I don’t think the country has become thin-skinned, but the country has certainly become empowered. With tyrants toppling all over the Middle East and Africa thanks in no small part to people-powered social media, it should come as no surprise that crowd-power can be turned on any message or any messenger at any time the crowd wishes.

As Mark writes, once upon a time the news cycle would carry old news away like rain down a drain with few but the most attentive even noticing.  But today, mass attention is sparked easily by the salacious and the outrageous.  And once sparked, social media people-power can fan the flames until fatigue sets in or heads roll, whichever comes first.

While it used to be challenging to organize effectively enough to force advertisers off a radio show weeks after the original sin, nowadays it’s easy.
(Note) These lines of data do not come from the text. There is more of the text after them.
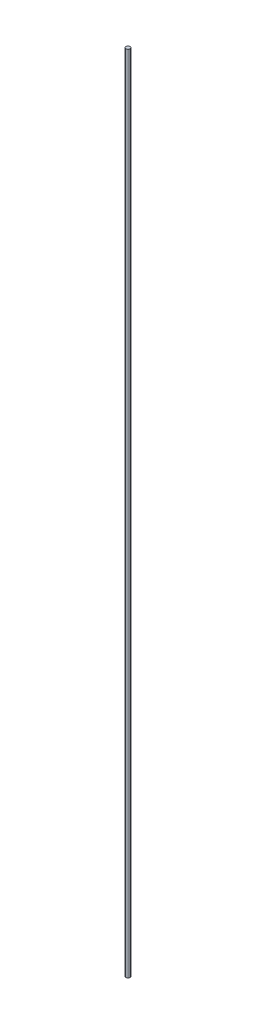
ISO-10303-21;
HEADER;
FILE_DESCRIPTION(('STEP AP214'),'2;1');
FILE_NAME('part.step','',(''),(''),'','','');
FILE_SCHEMA(('AUTOMOTIVE_DESIGN { 1 0 10303 214 1 1 1 1 }'));
ENDSEC;
DATA;
#1=APPLICATION_CONTEXT('core data for automotive mechanical design processes');
#2=APPLICATION_PROTOCOL_DEFINITION('international standard','automotive_design',2000,#1);
#3=PRODUCT_CONTEXT('',#1,'mechanical');
#4=PRODUCT('Part','Part','',(#3));
#5=PRODUCT_RELATED_PRODUCT_CATEGORY('part','',(#4));
#6=PRODUCT_DEFINITION_FORMATION('','',#4);
#7=PRODUCT_DEFINITION_CONTEXT('part definition',#1,'design');
#8=PRODUCT_DEFINITION('design','',#6,#7);
#9=PRODUCT_DEFINITION_SHAPE('','',#8);
#10=(LENGTH_UNIT() NAMED_UNIT(*) SI_UNIT(.MILLI.,.METRE.));
#11=(NAMED_UNIT(*) PLANE_ANGLE_UNIT() SI_UNIT($,.RADIAN.));
#12=(NAMED_UNIT(*) SI_UNIT($,.STERADIAN.) SOLID_ANGLE_UNIT());
#13=UNCERTAINTY_MEASURE_WITH_UNIT(LENGTH_MEASURE(1.E-05),#10,'distance_accuracy_value','');
#14=(GEOMETRIC_REPRESENTATION_CONTEXT(3) GLOBAL_UNCERTAINTY_ASSIGNED_CONTEXT((#13)) GLOBAL_UNIT_ASSIGNED_CONTEXT((#10,
#11,#12)) REPRESENTATION_CONTEXT('',''));
#15=CARTESIAN_POINT('',(0.,0.,0.));
#16=DIRECTION('',(0.,0.,1.));
#17=DIRECTION('',(1.,0.,0.));
#18=AXIS2_PLACEMENT_3D('',#15,#16,#17);
#19=CARTESIAN_POINT('',(0.,1270.,0.));
#20=DIRECTION('',(0.,-1.,0.));
#21=DIRECTION('',(0.,0.,-1.));
#22=AXIS2_PLACEMENT_3D('',#19,#20,#21);
#23=CYLINDRICAL_SURFACE('',#22,3.175);
#24=CARTESIAN_POINT('',(0.,1270.,0.));
#25=DIRECTION('',(0.,1.,0.));
#26=DIRECTION('',(0.,0.,1.));
#27=AXIS2_PLACEMENT_3D('',#24,#25,#26);
#28=CIRCLE('',#27,3.175);
#29=CARTESIAN_POINT('',(0.,1270.,-3.175));
#30=VERTEX_POINT('',#29);
#31=EDGE_CURVE('E10',#30,#30,#28,.T.);
#32=CARTESIAN_POINT('',(0.,0.,0.));
#33=DIRECTION('',(0.,1.,0.));
#34=DIRECTION('',(0.,0.,1.));
#35=AXIS2_PLACEMENT_3D('',#32,#33,#34);
#36=CIRCLE('',#35,3.175);
#37=CARTESIAN_POINT('',(0.,-2.22044604925031E-13,-3.175));
#38=VERTEX_POINT('',#37);
#39=EDGE_CURVE('E40',#38,#38,#36,.T.);
#40=CARTESIAN_POINT('',(0.,1270.,-3.175));
#41=CARTESIAN_POINT('',(0.,1256.77083333333,-3.175));
#42=CARTESIAN_POINT('',(0.,1243.54166666667,-3.175));
#43=CARTESIAN_POINT('',(0.,1217.08333333333,-3.175));
#44=CARTESIAN_POINT('',(0.,1203.85416666667,-3.175));
#45=CARTESIAN_POINT('',(0.,1177.39583333333,-3.175));
#46=CARTESIAN_POINT('',(0.,1164.16666666667,-3.175));
#47=CARTESIAN_POINT('',(0.,1137.70833333333,-3.175));
#48=CARTESIAN_POINT('',(0.,1124.47916666667,-3.175));
#49=CARTESIAN_POINT('',(0.,1098.02083333333,-3.175));
#50=CARTESIAN_POINT('',(0.,1084.79166666667,-3.175));
#51=CARTESIAN_POINT('',(0.,1058.33333333333,-3.175));
#52=CARTESIAN_POINT('',(0.,1045.10416666667,-3.175));
#53=CARTESIAN_POINT('',(0.,1018.64583333333,-3.175));
#54=CARTESIAN_POINT('',(0.,1005.41666666667,-3.175));
#55=CARTESIAN_POINT('',(0.,978.958333333333,-3.175));
#56=CARTESIAN_POINT('',(0.,965.729166666667,-3.175));
#57=CARTESIAN_POINT('',(0.,939.270833333333,-3.175));
#58=CARTESIAN_POINT('',(0.,926.041666666667,-3.175));
#59=CARTESIAN_POINT('',(0.,899.583333333333,-3.175));
#60=CARTESIAN_POINT('',(0.,886.354166666666,-3.175));
#61=CARTESIAN_POINT('',(0.,859.895833333333,-3.175));
#62=CARTESIAN_POINT('',(0.,846.666666666666,-3.175));
#63=CARTESIAN_POINT('',(0.,820.208333333333,-3.175));
#64=CARTESIAN_POINT('',(0.,806.979166666667,-3.175));
#65=CARTESIAN_POINT('',(0.,780.520833333333,-3.175));
#66=CARTESIAN_POINT('',(0.,767.291666666667,-3.175));
#67=CARTESIAN_POINT('',(0.,740.833333333333,-3.175));
#68=CARTESIAN_POINT('',(0.,727.604166666667,-3.175));
#69=CARTESIAN_POINT('',(0.,701.145833333333,-3.175));
#70=CARTESIAN_POINT('',(0.,687.916666666666,-3.175));
#71=CARTESIAN_POINT('',(0.,661.458333333333,-3.175));
#72=CARTESIAN_POINT('',(0.,648.229166666666,-3.175));
#73=CARTESIAN_POINT('',(0.,621.770833333333,-3.175));
#74=CARTESIAN_POINT('',(0.,608.541666666666,-3.175));
#75=CARTESIAN_POINT('',(0.,582.083333333333,-3.175));
#76=CARTESIAN_POINT('',(0.,568.854166666666,-3.175));
#77=CARTESIAN_POINT('',(0.,542.395833333333,-3.175));
#78=CARTESIAN_POINT('',(0.,529.166666666666,-3.175));
#79=CARTESIAN_POINT('',(0.,502.708333333333,-3.175));
#80=CARTESIAN_POINT('',(0.,489.479166666666,-3.175));
#81=CARTESIAN_POINT('',(0.,463.020833333333,-3.175));
#82=CARTESIAN_POINT('',(0.,449.791666666666,-3.175));
#83=CARTESIAN_POINT('',(0.,423.333333333333,-3.175));
#84=CARTESIAN_POINT('',(0.,410.104166666666,-3.175));
#85=CARTESIAN_POINT('',(0.,383.645833333333,-3.175));
#86=CARTESIAN_POINT('',(0.,370.416666666666,-3.175));
#87=CARTESIAN_POINT('',(0.,343.958333333333,-3.175));
#88=CARTESIAN_POINT('',(0.,330.729166666666,-3.175));
#89=CARTESIAN_POINT('',(0.,304.270833333333,-3.175));
#90=CARTESIAN_POINT('',(0.,291.041666666666,-3.175));
#91=CARTESIAN_POINT('',(0.,264.583333333333,-3.175));
#92=CARTESIAN_POINT('',(0.,251.354166666666,-3.175));
#93=CARTESIAN_POINT('',(0.,224.895833333333,-3.175));
#94=CARTESIAN_POINT('',(0.,211.666666666667,-3.175));
#95=CARTESIAN_POINT('',(0.,185.208333333333,-3.175));
#96=CARTESIAN_POINT('',(0.,171.979166666666,-3.175));
#97=CARTESIAN_POINT('',(0.,145.520833333333,-3.175));
#98=CARTESIAN_POINT('',(0.,132.291666666666,-3.175));
#99=CARTESIAN_POINT('',(0.,105.833333333333,-3.175));
#100=CARTESIAN_POINT('',(0.,92.6041666666664,-3.175));
#101=CARTESIAN_POINT('',(0.,66.1458333333331,-3.175));
#102=CARTESIAN_POINT('',(0.,52.9166666666665,-3.175));
#103=CARTESIAN_POINT('',(0.,26.4583333333332,-3.175));
#104=CARTESIAN_POINT('',(0.,13.2291666666665,-3.175));
#105=CARTESIAN_POINT('',(0.,-2.22044604925031E-13,-3.175));
#106=B_SPLINE_CURVE_WITH_KNOTS('',3,(#40,#41,#42,#43,#44,#45,#46,#47,#48,#49,#50,#51,#52,#53,
#54,#55,#56,#57,#58,#59,#60,#61,#62,#63,#64,#65,#66,#67,#68,#69,#70,#71,#72,#73,#74,#75,#76,#77,
#78,#79,#80,#81,#82,#83,#84,#85,#86,#87,#88,#89,#90,#91,#92,#93,#94,#95,#96,#97,#98,#99,#100,
#101,#102,#103,#104,#105),.UNSPECIFIED.,.F.,.F.,(4,2,2,2,2,2,2,2,2,2,2,2,2,2,2,2,2,2,2,2,2,2,2,
2,2,2,2,2,2,2,2,2,4),(0.,39.6875000000001,79.3750000000002,119.0625,158.75,198.4375,238.125,
277.8125,317.5,357.1875,396.875,436.5625,476.25,515.9375,555.625,595.3125,635.,674.6875,714.375,
754.0625,793.75,833.4375,873.125,912.8125,952.5,992.1875,1031.875,1071.5625,1111.25,1150.9375,
1190.625,1230.3125,1270.),.UNSPECIFIED.);
#107=EDGE_CURVE('BSEAM37',#30,#38,#106,.T.);
#108=ORIENTED_EDGE('',*,*,#31,.F.);
#109=ORIENTED_EDGE('',*,*,#39,.T.);
#110=ORIENTED_EDGE('',*,*,#107,.T.);
#111=ORIENTED_EDGE('',*,*,#107,.F.);
#112=EDGE_LOOP('',(#108,#110,#109,#111));
#113=FACE_BOUND('',#112,.T.);
#114=ADVANCED_FACE('F37',(#113),#23,.T.);
#115=CARTESIAN_POINT('',(0.,1270.,0.));
#116=DIRECTION('',(0.,1.,0.));
#117=DIRECTION('',(0.,0.,1.));
#118=AXIS2_PLACEMENT_3D('',#115,#116,#117);
#119=PLANE('',#118);
#120=ORIENTED_EDGE('',*,*,#31,.T.);
#121=EDGE_LOOP('',(#120));
#122=FACE_BOUND('',#121,.T.);
#123=ADVANCED_FACE('F54',(#122),#119,.T.);
#124=CARTESIAN_POINT('',(0.,0.,0.));
#125=DIRECTION('',(0.,1.,0.));
#126=DIRECTION('',(0.,0.,1.));
#127=AXIS2_PLACEMENT_3D('',#124,#125,#126);
#128=PLANE('',#127);
#129=ORIENTED_EDGE('',*,*,#39,.F.);
#130=EDGE_LOOP('',(#129));
#131=FACE_BOUND('',#130,.T.);
#132=ADVANCED_FACE('F52',(#131),#128,.F.);
#133=CLOSED_SHELL('',(#114,#123,#132));
#134=MANIFOLD_SOLID_BREP('B2',#133);
#135=ADVANCED_BREP_SHAPE_REPRESENTATION('',(#18,#134),#14);
#136=SHAPE_DEFINITION_REPRESENTATION(#9,#135);
ENDSEC;
END-ISO-10303-21;

Even if the offended persons never were or would be listeners to the show that created the original offense.  Even if the shows that would be affected by such an advertiser boycott have completely clean hands in the matter and are guilty of nothing more than sharing the same airwaves as Mr. Limbaugh.

Social media and people-power work both ways of course.  One would think that the same social tsunami that came down on Rush for his crime could be summoned to protect the notion that, while certain statements are wrong and dumb, speech which doesn’t infringe on the rights of others is still free.

But perhaps not in a world where Rush himself discovers Twitter only last week.  Social media can be your friend, but only if your friends understand and use it.

Meanwhile, over on satellite radio, Howard Stern and Dr. Laura are all smiles. Been there, done that, took the door with the big EXIT sign overhead.  Is that what we want once again and forever?

Back in 1952, Adlai Stevenson once provided his definition of a free society: “[It is] a society where it is safe to be unpopular.”

It’s still safe to be unpopular, but it’s not safe to underestimate the audience, now empowered and firmly in charge.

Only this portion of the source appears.